Congratulations! You have just seen a monad. This one is called the list monad and it’s used to model non-deterministic processes. The monad is actually defined by two functions. One of them is for_each, and here’s the other one:

template<class A>
List<A> yield(A a)
    return List<A> (a);

It’s a function that returns a singleton list. We use yield when we are done multiplying universes and we just want to return a single value. We use it to create a single-valued continuation.
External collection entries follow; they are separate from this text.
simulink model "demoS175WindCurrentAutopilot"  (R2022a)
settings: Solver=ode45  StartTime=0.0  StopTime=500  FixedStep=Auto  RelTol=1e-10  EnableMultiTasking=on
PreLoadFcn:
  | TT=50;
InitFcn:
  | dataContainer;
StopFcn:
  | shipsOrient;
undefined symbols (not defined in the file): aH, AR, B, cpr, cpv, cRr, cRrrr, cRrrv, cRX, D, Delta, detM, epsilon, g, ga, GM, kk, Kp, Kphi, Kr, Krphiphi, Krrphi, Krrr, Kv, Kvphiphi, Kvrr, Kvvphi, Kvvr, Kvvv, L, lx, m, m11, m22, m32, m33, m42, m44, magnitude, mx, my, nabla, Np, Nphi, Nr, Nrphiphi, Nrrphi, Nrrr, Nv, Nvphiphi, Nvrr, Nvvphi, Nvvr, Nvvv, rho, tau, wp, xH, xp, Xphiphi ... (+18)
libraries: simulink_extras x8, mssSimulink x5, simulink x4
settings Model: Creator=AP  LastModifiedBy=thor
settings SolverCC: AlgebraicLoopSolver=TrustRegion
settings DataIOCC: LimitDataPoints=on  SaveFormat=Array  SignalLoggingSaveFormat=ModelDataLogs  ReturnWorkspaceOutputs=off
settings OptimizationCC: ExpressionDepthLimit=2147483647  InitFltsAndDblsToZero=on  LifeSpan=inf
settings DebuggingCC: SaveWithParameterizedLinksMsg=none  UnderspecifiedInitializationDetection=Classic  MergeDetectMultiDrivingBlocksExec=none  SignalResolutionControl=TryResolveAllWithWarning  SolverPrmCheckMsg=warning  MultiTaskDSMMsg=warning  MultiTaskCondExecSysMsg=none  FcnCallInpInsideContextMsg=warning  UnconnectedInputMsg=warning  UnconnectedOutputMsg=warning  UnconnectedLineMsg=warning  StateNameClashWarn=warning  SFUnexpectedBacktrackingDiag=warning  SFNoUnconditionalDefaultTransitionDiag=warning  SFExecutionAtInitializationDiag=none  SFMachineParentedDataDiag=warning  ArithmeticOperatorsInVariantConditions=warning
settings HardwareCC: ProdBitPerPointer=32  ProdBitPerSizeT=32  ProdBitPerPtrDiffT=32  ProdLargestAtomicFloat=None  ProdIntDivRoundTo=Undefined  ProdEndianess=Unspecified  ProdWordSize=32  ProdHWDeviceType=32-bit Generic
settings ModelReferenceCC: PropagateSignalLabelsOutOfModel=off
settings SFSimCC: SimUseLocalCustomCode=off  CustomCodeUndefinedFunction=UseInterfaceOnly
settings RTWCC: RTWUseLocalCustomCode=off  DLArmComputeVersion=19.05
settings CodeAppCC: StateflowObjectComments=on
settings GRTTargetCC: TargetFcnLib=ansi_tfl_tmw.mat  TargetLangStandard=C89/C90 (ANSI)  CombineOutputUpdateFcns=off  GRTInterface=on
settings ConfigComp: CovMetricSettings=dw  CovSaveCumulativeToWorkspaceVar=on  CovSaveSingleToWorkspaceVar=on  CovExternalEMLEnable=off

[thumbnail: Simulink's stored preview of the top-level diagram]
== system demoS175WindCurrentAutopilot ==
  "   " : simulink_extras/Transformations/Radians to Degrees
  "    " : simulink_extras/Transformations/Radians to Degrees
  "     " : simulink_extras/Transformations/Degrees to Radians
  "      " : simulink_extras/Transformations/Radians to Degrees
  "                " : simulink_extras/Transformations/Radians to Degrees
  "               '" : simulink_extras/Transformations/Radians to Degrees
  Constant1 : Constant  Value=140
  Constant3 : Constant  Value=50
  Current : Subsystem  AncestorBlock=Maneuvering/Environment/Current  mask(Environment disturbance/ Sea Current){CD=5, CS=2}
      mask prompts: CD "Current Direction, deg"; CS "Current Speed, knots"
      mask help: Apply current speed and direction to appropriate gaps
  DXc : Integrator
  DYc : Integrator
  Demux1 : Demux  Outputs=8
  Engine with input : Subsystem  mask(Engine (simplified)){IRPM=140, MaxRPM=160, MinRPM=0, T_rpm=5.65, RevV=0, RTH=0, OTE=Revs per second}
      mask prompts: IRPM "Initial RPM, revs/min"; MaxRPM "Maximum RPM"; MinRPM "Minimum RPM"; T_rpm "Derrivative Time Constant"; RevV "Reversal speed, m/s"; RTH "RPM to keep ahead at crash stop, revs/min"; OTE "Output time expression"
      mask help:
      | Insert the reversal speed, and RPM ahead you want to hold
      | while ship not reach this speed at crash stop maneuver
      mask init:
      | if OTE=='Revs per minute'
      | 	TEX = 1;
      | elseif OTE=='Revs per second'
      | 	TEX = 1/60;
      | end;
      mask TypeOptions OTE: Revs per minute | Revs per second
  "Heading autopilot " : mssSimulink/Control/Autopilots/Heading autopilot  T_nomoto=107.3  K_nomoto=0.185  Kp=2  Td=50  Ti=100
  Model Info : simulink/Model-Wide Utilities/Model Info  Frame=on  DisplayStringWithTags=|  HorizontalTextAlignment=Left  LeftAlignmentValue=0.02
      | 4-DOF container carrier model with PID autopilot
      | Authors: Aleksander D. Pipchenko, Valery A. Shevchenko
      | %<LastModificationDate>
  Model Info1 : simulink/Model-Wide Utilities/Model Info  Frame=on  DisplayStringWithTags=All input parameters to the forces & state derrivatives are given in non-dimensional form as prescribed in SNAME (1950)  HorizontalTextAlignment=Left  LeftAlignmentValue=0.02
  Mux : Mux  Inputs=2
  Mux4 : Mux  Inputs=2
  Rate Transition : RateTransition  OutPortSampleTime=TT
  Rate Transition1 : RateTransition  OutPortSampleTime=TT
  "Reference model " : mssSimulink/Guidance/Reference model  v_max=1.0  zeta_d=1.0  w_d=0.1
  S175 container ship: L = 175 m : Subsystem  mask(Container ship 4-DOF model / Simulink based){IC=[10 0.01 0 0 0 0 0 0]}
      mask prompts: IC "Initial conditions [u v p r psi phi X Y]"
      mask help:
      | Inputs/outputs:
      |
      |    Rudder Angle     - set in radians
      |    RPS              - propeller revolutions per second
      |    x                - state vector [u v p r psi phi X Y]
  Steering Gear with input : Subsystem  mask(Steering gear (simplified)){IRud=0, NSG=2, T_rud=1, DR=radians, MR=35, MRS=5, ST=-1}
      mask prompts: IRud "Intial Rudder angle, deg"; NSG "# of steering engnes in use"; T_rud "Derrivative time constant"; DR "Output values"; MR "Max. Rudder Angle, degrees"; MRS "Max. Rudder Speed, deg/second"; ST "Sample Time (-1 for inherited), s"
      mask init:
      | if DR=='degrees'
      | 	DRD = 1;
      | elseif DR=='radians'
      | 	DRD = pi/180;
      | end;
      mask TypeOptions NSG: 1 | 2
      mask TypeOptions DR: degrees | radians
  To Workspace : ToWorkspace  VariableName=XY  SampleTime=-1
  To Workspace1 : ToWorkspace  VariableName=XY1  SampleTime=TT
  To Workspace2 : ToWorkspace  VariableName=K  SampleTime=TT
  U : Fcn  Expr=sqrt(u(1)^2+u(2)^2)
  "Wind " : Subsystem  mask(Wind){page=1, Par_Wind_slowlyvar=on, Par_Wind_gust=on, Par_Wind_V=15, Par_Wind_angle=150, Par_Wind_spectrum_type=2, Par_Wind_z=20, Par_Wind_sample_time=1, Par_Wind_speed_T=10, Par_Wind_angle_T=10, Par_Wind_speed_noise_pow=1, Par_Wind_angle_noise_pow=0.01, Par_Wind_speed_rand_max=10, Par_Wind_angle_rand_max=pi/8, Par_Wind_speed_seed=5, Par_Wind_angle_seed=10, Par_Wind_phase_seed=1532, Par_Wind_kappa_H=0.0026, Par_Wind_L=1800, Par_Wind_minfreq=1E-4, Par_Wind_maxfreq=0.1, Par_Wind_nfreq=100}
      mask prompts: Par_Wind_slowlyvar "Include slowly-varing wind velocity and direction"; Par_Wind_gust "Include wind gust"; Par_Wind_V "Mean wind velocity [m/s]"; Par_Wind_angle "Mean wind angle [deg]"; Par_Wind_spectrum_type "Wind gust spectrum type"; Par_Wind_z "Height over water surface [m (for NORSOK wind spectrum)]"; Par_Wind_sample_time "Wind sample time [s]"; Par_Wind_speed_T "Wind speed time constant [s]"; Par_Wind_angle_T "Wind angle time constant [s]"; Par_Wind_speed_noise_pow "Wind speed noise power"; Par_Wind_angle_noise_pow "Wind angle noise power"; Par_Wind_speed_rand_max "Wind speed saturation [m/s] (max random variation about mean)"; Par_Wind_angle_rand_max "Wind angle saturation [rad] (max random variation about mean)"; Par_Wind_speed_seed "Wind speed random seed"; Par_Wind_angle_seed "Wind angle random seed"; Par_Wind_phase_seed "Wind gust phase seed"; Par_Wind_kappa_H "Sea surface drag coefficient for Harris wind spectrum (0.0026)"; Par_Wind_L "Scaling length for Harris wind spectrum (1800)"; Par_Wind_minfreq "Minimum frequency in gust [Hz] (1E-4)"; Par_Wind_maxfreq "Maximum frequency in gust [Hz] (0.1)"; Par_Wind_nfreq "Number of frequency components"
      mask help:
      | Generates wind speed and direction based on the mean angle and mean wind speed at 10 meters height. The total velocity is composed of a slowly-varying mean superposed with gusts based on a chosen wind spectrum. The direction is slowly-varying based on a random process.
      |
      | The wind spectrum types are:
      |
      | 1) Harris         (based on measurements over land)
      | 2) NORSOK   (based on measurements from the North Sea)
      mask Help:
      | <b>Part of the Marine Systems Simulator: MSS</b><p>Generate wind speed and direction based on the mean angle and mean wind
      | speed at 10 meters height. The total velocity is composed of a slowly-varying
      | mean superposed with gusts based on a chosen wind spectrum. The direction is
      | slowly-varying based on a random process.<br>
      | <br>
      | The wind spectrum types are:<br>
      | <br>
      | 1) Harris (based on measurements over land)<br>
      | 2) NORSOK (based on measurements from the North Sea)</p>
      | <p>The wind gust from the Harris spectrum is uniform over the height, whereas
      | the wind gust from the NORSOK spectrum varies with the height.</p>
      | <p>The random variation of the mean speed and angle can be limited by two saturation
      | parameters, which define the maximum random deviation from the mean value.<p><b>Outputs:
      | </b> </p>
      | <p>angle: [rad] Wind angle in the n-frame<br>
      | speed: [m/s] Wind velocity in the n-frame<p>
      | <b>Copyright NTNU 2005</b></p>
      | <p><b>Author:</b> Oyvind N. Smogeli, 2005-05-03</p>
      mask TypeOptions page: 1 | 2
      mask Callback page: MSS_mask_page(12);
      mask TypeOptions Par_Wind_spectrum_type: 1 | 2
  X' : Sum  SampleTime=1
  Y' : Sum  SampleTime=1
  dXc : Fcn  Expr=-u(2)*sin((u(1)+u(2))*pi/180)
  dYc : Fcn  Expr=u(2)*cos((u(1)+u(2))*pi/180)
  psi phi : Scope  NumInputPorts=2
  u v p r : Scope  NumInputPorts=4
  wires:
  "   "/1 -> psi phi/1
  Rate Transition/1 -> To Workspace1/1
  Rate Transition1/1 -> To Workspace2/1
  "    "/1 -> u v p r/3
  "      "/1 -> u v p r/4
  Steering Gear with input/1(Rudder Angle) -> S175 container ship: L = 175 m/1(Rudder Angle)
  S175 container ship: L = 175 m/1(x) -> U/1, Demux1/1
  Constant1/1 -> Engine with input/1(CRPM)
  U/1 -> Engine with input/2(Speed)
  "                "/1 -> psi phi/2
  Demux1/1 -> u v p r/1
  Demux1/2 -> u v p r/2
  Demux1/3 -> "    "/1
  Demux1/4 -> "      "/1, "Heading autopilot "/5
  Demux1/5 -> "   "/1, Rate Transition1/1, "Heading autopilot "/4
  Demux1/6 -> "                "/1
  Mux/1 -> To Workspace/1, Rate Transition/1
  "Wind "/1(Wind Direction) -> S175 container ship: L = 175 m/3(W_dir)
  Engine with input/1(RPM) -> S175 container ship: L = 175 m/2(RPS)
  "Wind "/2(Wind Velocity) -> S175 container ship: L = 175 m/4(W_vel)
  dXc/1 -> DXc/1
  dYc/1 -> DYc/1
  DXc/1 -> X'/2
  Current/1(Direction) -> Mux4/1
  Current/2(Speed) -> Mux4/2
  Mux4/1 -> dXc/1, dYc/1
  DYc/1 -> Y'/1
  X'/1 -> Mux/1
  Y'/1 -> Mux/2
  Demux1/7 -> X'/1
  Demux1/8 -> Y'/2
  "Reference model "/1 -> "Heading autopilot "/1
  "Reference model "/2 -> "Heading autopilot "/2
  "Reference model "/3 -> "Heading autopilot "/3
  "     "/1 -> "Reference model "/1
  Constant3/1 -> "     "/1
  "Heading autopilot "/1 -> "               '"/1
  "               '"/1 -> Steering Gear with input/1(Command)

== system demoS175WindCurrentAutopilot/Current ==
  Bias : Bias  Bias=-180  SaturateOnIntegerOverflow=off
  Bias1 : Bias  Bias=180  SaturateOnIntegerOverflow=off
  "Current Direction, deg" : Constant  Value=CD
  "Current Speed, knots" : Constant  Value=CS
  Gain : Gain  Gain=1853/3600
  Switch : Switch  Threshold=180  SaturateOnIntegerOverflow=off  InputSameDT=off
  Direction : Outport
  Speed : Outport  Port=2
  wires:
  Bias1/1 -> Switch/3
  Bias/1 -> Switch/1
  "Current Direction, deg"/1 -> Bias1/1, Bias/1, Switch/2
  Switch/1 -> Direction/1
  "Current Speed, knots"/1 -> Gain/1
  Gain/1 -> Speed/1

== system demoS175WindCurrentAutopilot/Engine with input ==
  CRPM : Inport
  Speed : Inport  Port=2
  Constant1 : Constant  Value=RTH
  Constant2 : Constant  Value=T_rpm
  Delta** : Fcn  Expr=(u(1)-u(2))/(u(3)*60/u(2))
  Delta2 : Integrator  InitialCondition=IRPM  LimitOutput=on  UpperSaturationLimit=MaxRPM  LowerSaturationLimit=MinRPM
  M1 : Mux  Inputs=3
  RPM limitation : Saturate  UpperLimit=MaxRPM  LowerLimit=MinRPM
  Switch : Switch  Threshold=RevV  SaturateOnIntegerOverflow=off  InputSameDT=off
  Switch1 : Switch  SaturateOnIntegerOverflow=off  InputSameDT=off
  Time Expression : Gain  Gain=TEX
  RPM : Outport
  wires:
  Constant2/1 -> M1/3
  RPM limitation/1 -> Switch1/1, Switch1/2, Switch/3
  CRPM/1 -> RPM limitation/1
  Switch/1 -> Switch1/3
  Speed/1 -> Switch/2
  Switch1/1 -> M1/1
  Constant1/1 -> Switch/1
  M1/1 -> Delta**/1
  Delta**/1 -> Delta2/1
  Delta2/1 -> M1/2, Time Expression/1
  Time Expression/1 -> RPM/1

It represents the lonesome boring life, devoid of any choices.

I will later rename these functions to mbind and mreturn, because they are part of any monad, not just the list monad.

The names like for_each or yield have a very imperative ring to them. That’s because, in functional programming, monadic code plays a role similar to imperative code. But neither for_each nor yield are control structures — they are functions. In particular for_each, which sounds and works like a loop, is just a higher order function; and so is fmap, which is used in its implementation. Of course, at some level the code becomes imperative — fmap can either be implemented recursively or using an actual loop — but the top levels are just declarations of functions. Hence, declarative programming.

There is a slight difference between a loop and a function on lists like for_each: for_each takes a whole list as an argument, while a loop might generate individual items — in this case integers — on the fly. This is not a problem in a lazy functional language like Haskell, where a list is evaluated on demand. The same behavior may be implemented in C++ using streams or lazy ranges. I won’t use it here, since the lists we are dealing with are short, but you can read more about it in my earlier post Getting Lazy with C++.

We are not ready yet to implement the solution to our puzzle, but I’d like to give you a glimpse of what it looks like. For now, think of StateL as just a list. See if it starts making sense (I grayed out the usual C++ noise):

StateL<tuple<int, int, int>> solve()
    StateL<int> sel = &select<int>;

    return for_each(sel, [=](int s) {
    return for_each(sel, [=](int e) {
    return for_each(sel, [=](int n) {
    return for_each(sel, [=](int d) {
    return for_each(sel, [=](int m) {
    return for_each(sel, [=](int o) {
    return for_each(sel, [=](int r) {
    return for_each(sel, [=](int y) {
        return yield_if(s != 0 && m != 0, [=]() {
            int send  = asNumber(vector{s, e, n, d});
            int more  = asNumber(vector{m, o, r, e});
            int money = asNumber(vector{m, o, n, e, y});
            return yield_if(send + more == money, [=]() {
                return yield(make_tuple(send, more, money));

The first for_each takes a selection of integers, sel, (never mind how we deal with uniqueness); and a continuation, a lambda, that takes one integer, s, and produces a list of solutions — tuples of three integers. This continuation, in turn, calls for_each with a selection for the next letter, e, and another continuation that returns a list of solutions, and so on.

The innermost continuation is a conditional version of yield called yield_if. It checks a condition and produces a zero- or one-element list of solutions. Internally, it calls another yield_if, which calls the ultimate yield. If that final yield is called (and it might not be, if one of the previous conditions fails), it will produce a solution — a triple of numbers. If there is more than one solution, these singleton lists will get concatenated inside for_each while percolating to the top.

In the second part of this post I will come back to the problem of picking unique numbers and introduce the state monad. You can also have a peek at the code on github.


  1. Implement for_each and yield for a vector instead of a List. Use the Standard Library transform instead of fmap.
  2. Using the list monad (or your vector monad), write a function that generates all positions on a chessboard as pairs of characters between 'a' and 'h' and numbers between 1 and 8.
  3. Implement a version of for_each (call it repeat) that takes a continuation k of the type function<List<B>()> (notice the void argument). The function repeat calls k for each element of the list lst, but it ignores the element itself.